Pembuatan Akta kelahiran dan Pembesan Pembayaran Tiket
“Sesuai aturan, di atas kapal
diterbitkan Akta Kelahiran bagi setiap bayi yang mungkin tidak diinginkan
orangtuanya lahir. Orangtua pasti menginginkan anak sang buah hatinya lahir di
rumah sakit atau di rumah tempat di mana cinta dipadu.

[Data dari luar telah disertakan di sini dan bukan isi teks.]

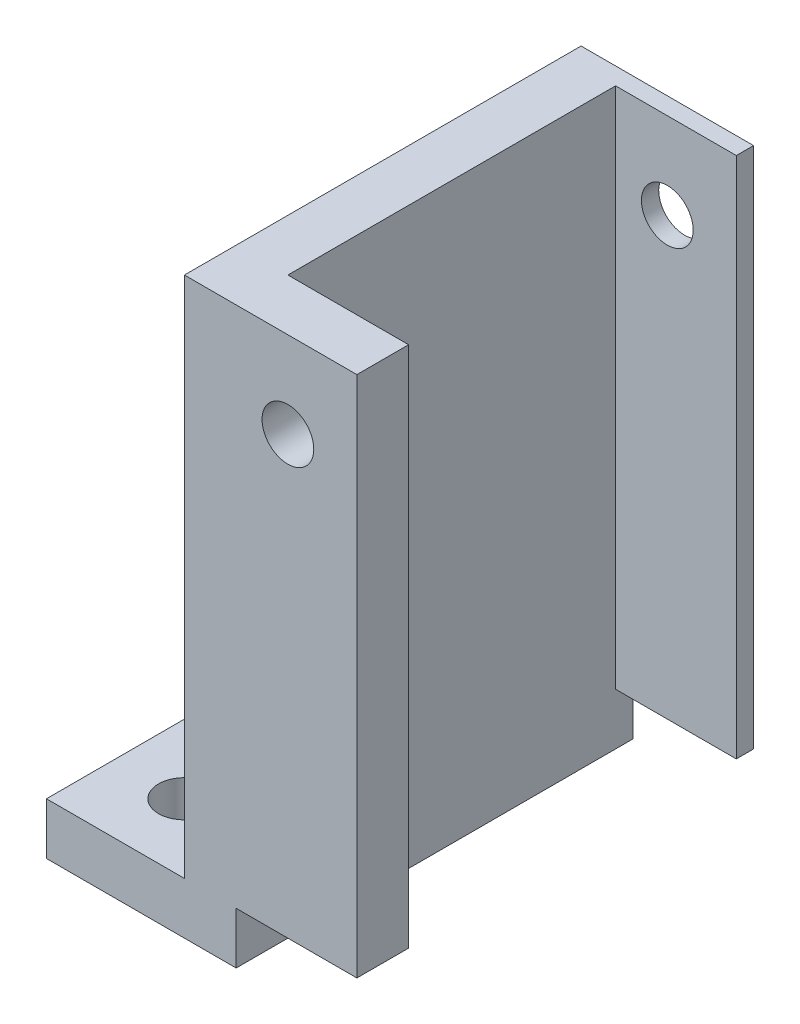
ISO-10303-21;
HEADER;
FILE_DESCRIPTION(('STEP AP214'),'2;1');
FILE_NAME('part.step','',(''),(''),'','','');
FILE_SCHEMA(('AUTOMOTIVE_DESIGN { 1 0 10303 214 1 1 1 1 }'));
ENDSEC;
DATA;
#1=APPLICATION_CONTEXT('core data for automotive mechanical design processes');
#2=APPLICATION_PROTOCOL_DEFINITION('international standard','automotive_design',2000,#1);
#3=PRODUCT_CONTEXT('',#1,'mechanical');
#4=PRODUCT('Part','Part','',(#3));
#5=PRODUCT_RELATED_PRODUCT_CATEGORY('part','',(#4));
#6=PRODUCT_DEFINITION_FORMATION('','',#4);
#7=PRODUCT_DEFINITION_CONTEXT('part definition',#1,'design');
#8=PRODUCT_DEFINITION('design','',#6,#7);
#9=PRODUCT_DEFINITION_SHAPE('','',#8);
#10=(LENGTH_UNIT() NAMED_UNIT(*) SI_UNIT(.MILLI.,.METRE.));
#11=(NAMED_UNIT(*) PLANE_ANGLE_UNIT() SI_UNIT($,.RADIAN.));
#12=(NAMED_UNIT(*) SI_UNIT($,.STERADIAN.) SOLID_ANGLE_UNIT());
#13=UNCERTAINTY_MEASURE_WITH_UNIT(LENGTH_MEASURE(1.E-05),#10,'distance_accuracy_value','');
#14=(GEOMETRIC_REPRESENTATION_CONTEXT(3) GLOBAL_UNCERTAINTY_ASSIGNED_CONTEXT((#13)) GLOBAL_UNIT_ASSIGNED_CONTEXT((#10,
#11,#12)) REPRESENTATION_CONTEXT('',''));
#15=CARTESIAN_POINT('',(0.,0.,0.));
#16=DIRECTION('',(0.,0.,1.));
#17=DIRECTION('',(1.,0.,0.));
#18=AXIS2_PLACEMENT_3D('',#15,#16,#17);
#19=CARTESIAN_POINT('',(10.,-30.3,23.));
#20=DIRECTION('',(0.,1.,0.));
#21=DIRECTION('',(0.,0.,1.));
#22=AXIS2_PLACEMENT_3D('',#19,#20,#21);
#23=PLANE('',#22);
#24=DIRECTION('',(0.,0.,1.));
#25=VECTOR('',#24,1.);
#26=CARTESIAN_POINT('',(3.,-30.3,23.));
#27=LINE('',#26,#25);
#28=CARTESIAN_POINT('',(3.,-30.3,0.));
#29=VERTEX_POINT('',#28);
#30=CARTESIAN_POINT('',(3.,-30.3,1.));
#31=VERTEX_POINT('',#30);
#32=EDGE_CURVE('E56',#29,#31,#27,.T.);
#33=ORIENTED_EDGE('',*,*,#32,.F.);
#34=DIRECTION('',(-1.,0.,0.));
#35=VECTOR('',#34,1.);
#36=CARTESIAN_POINT('',(10.,-30.3,0.));
#37=LINE('',#36,#35);
#38=CARTESIAN_POINT('',(10.,-30.3,0.));
#39=VERTEX_POINT('',#38);
#40=EDGE_CURVE('E225',#39,#29,#37,.T.);
#41=ORIENTED_EDGE('',*,*,#40,.F.);
#42=DIRECTION('',(0.,0.,-1.));
#43=VECTOR('',#42,1.);
#44=CARTESIAN_POINT('',(10.,-30.3,23.));
#45=LINE('',#44,#43);
#46=CARTESIAN_POINT('',(10.,-30.3,1.));
#47=VERTEX_POINT('',#46);
#48=EDGE_CURVE('E210',#47,#39,#45,.T.);
#49=ORIENTED_EDGE('',*,*,#48,.F.);
#50=DIRECTION('',(-1.,0.,0.));
#51=VECTOR('',#50,1.);
#52=CARTESIAN_POINT('',(10.,-30.3,1.));
#53=LINE('',#52,#51);
#54=EDGE_CURVE('E279',#47,#31,#53,.T.);
#55=ORIENTED_EDGE('',*,*,#54,.T.);
#56=EDGE_LOOP('',(#33,#41,#49,#55));
#57=FACE_BOUND('',#56,.T.);
#58=ADVANCED_FACE('F33',(#57),#23,.F.);
#59=CARTESIAN_POINT('',(3.,-30.3,20.));
#60=VERTEX_POINT('',#59);
#61=CARTESIAN_POINT('',(3.,-30.3,23.));
#62=VERTEX_POINT('',#61);
#63=EDGE_CURVE('E146',#60,#62,#27,.T.);
#64=ORIENTED_EDGE('',*,*,#63,.F.);
#65=DIRECTION('',(1.,0.,0.));
#66=VECTOR('',#65,1.);
#67=CARTESIAN_POINT('',(10.,-30.3,20.));
#68=LINE('',#67,#66);
#69=CARTESIAN_POINT('',(10.,-30.3,20.));
#70=VERTEX_POINT('',#69);
#71=EDGE_CURVE('E206',#60,#70,#68,.T.);
#72=ORIENTED_EDGE('',*,*,#71,.T.);
#73=CARTESIAN_POINT('',(10.,-30.3,23.));
#74=VERTEX_POINT('',#73);
#75=EDGE_CURVE('E211',#74,#70,#45,.T.);
#76=ORIENTED_EDGE('',*,*,#75,.F.);
#77=DIRECTION('',(-1.,0.,0.));
#78=VECTOR('',#77,1.);
#79=CARTESIAN_POINT('',(10.,-30.3,23.));
#80=LINE('',#79,#78);
#81=EDGE_CURVE('E234',#74,#62,#80,.T.);
#82=ORIENTED_EDGE('',*,*,#81,.T.);
#83=EDGE_LOOP('',(#64,#72,#76,#82));
#84=FACE_BOUND('',#83,.T.);
#85=ADVANCED_FACE('F292',(#84),#23,.F.);
#86=CARTESIAN_POINT('',(10.,0.,0.));
#87=DIRECTION('',(1.,0.,0.));
#88=DIRECTION('',(0.,0.,-1.));
#89=AXIS2_PLACEMENT_3D('',#86,#87,#88);
#90=PLANE('',#89);
#91=DIRECTION('',(0.,1.,0.));
#92=VECTOR('',#91,1.);
#93=CARTESIAN_POINT('',(10.,-30.3,20.));
#94=LINE('',#93,#92);
#95=CARTESIAN_POINT('',(10.,0.,20.));
#96=VERTEX_POINT('',#95);
#97=EDGE_CURVE('E186',#70,#96,#94,.T.);
#98=ORIENTED_EDGE('',*,*,#97,.T.);
#99=DIRECTION('',(0.,0.,1.));
#100=VECTOR('',#99,1.);
#101=CARTESIAN_POINT('',(10.,0.,23.));
#102=LINE('',#101,#100);
#103=CARTESIAN_POINT('',(10.,0.,23.));
#104=VERTEX_POINT('',#103);
#105=EDGE_CURVE('E213',#96,#104,#102,.T.);
#106=ORIENTED_EDGE('',*,*,#105,.T.);
#107=DIRECTION('',(0.,-1.,0.));
#108=VECTOR('',#107,1.);
#109=CARTESIAN_POINT('',(10.,0.,23.));
#110=LINE('',#109,#108);
#111=EDGE_CURVE('E207',#104,#74,#110,.T.);
#112=ORIENTED_EDGE('',*,*,#111,.T.);
#113=ORIENTED_EDGE('',*,*,#75,.T.);
#114=EDGE_LOOP('',(#98,#106,#112,#113));
#115=FACE_BOUND('',#114,.T.);
#116=ADVANCED_FACE('F295',(#115),#90,.T.);
#117=CARTESIAN_POINT('',(10.,0.,23.));
#118=DIRECTION('',(0.,0.,-1.));
#119=DIRECTION('',(0.,1.,0.));
#120=AXIS2_PLACEMENT_3D('',#117,#118,#119);
#121=PLANE('',#120);
#122=CARTESIAN_POINT('',(6.,-5.,23.));
#123=DIRECTION('',(0.,0.,1.));
#124=DIRECTION('',(1.,0.,0.));
#125=AXIS2_PLACEMENT_3D('',#122,#123,#124);
#126=CIRCLE('',#125,1.5);
#127=CARTESIAN_POINT('',(7.5,-5.,23.));
#128=VERTEX_POINT('',#127);
#129=EDGE_CURVE('E348',#128,#128,#126,.T.);
#130=ORIENTED_EDGE('',*,*,#129,.F.);
#131=EDGE_LOOP('',(#130));
#132=FACE_BOUND('',#131,.T.);
#133=DIRECTION('',(0.,-1.,0.));
#134=VECTOR('',#133,1.);
#135=CARTESIAN_POINT('',(0.,0.,23.));
#136=LINE('',#135,#134);
#137=CARTESIAN_POINT('',(0.,0.,23.));
#138=VERTEX_POINT('',#137);
#139=CARTESIAN_POINT('',(0.,-30.3,23.));
#140=VERTEX_POINT('',#139);
#141=EDGE_CURVE('E165',#138,#140,#136,.T.);
#142=ORIENTED_EDGE('',*,*,#141,.T.);
#143=DIRECTION('',(-1.,0.,0.));
#144=VECTOR('',#143,1.);
#145=CARTESIAN_POINT('',(3.,-30.3,23.));
#146=LINE('',#145,#144);
#147=CARTESIAN_POINT('',(-8.,-30.3,23.));
#148=VERTEX_POINT('',#147);
#149=EDGE_CURVE('E251',#140,#148,#146,.T.);
#150=ORIENTED_EDGE('',*,*,#149,.T.);
#151=DIRECTION('',(0.,1.,0.));
#152=VECTOR('',#151,1.);
#153=CARTESIAN_POINT('',(-8.,-33.3,23.));
#154=LINE('',#153,#152);
#155=CARTESIAN_POINT('',(-8.,-33.3,23.));
#156=VERTEX_POINT('',#155);
#157=EDGE_CURVE('E253',#156,#148,#154,.T.);
#158=ORIENTED_EDGE('',*,*,#157,.F.);
#159=DIRECTION('',(-1.,0.,0.));
#160=VECTOR('',#159,1.);
#161=CARTESIAN_POINT('',(3.,-33.3,23.));
#162=LINE('',#161,#160);
#163=CARTESIAN_POINT('',(3.,-33.3,23.));
#164=VERTEX_POINT('',#163);
#165=EDGE_CURVE('E373',#164,#156,#162,.T.);
#166=ORIENTED_EDGE('',*,*,#165,.F.);
#167=DIRECTION('',(0.,1.,0.));
#168=VECTOR('',#167,1.);
#169=CARTESIAN_POINT('',(3.,-33.3,23.));
#170=LINE('',#169,#168);
#171=EDGE_CURVE('E238',#164,#62,#170,.T.);
#172=ORIENTED_EDGE('',*,*,#171,.T.);
#173=ORIENTED_EDGE('',*,*,#81,.F.);
#174=ORIENTED_EDGE('',*,*,#111,.F.);
#175=DIRECTION('',(-1.,0.,0.));
#176=VECTOR('',#175,1.);
#177=CARTESIAN_POINT('',(10.,0.,23.));
#178=LINE('',#177,#176);
#179=EDGE_CURVE('E219',#104,#138,#178,.T.);
#180=ORIENTED_EDGE('',*,*,#179,.T.);
#181=EDGE_LOOP('',(#142,#150,#158,#166,#172,#173,#174,#180));
#182=FACE_BOUND('',#181,.T.);
#183=ADVANCED_FACE('F35',(#132,#182),#121,.F.);
#184=CARTESIAN_POINT('',(10.,0.,0.));
#185=DIRECTION('',(0.,0.,1.));
#186=DIRECTION('',(0.,-1.,0.));
#187=AXIS2_PLACEMENT_3D('',#184,#185,#186);
#188=PLANE('',#187);
#189=CARTESIAN_POINT('',(6.,-5.,0.));
#190=DIRECTION('',(0.,0.,1.));
#191=DIRECTION('',(0.,-1.,0.));
#192=AXIS2_PLACEMENT_3D('',#189,#190,#191);
#193=CIRCLE('',#192,1.5);
#194=CARTESIAN_POINT('',(6.,-6.5,0.));
#195=VERTEX_POINT('',#194);
#196=EDGE_CURVE('E358',#195,#195,#193,.T.);
#197=ORIENTED_EDGE('',*,*,#196,.T.);
#198=EDGE_LOOP('',(#197));
#199=FACE_BOUND('',#198,.T.);
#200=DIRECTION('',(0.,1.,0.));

Namun peristiwa semacam
ini bagi kami merupakan sebuah rejeki yang tidak bisa diukur dengan setiap
penumpang membayar sejumlah nominal harga ticket”. Sambil menunjukkan akta
kelahiran asli dari Chelsina, Januar melanjutkan, “tidak tertutup kemungkinan,
bila Tuhan berkehendak, disaat Chelsina Minarti Sanadi besar dan mencari kerja,
sebagai warga negara, dia berhak melamar pekerjaan di perusahaan kami, tetapi ada
kekhususan yang lazimnya dilakukan dalam system manajemen adalah Chelsina
Minarti Sanadi mendapatkan dispensasi apabila ia naik kapal dalam lingkup
manajemen kami, ia dibebaskan dari pembayaran ticket”.
Gambaran Umum Pulau Numfor, Akses Terhadap Kesehatan dan Aktifitas Perekonomian
Pulau Numfor terletak antara 00
55’ – 10 08’LS dan 1340 47’ -1340 58’BT dengan
luas 357 km2, secara geografis berbatasan dengan Samudera Pasifik di
sebelah utara, Kabupaten Yapen di sebelah Timur, Kabupaten Teluk Wondama di
sebelah selatan dan Kabupaten Manokwari di sebelah barat. Fasilitas kesehatan
terdiri dari 2 buah Puskesmas masing-masing di Yenburwo dan Mardori, Puskesmas
Pembantu di Kameri, Pakreki, Saribi, Namber dan Baruki dilengkapi Tenaga
Paramedis (bidan) untuk membantu persalinan ibu dan anak.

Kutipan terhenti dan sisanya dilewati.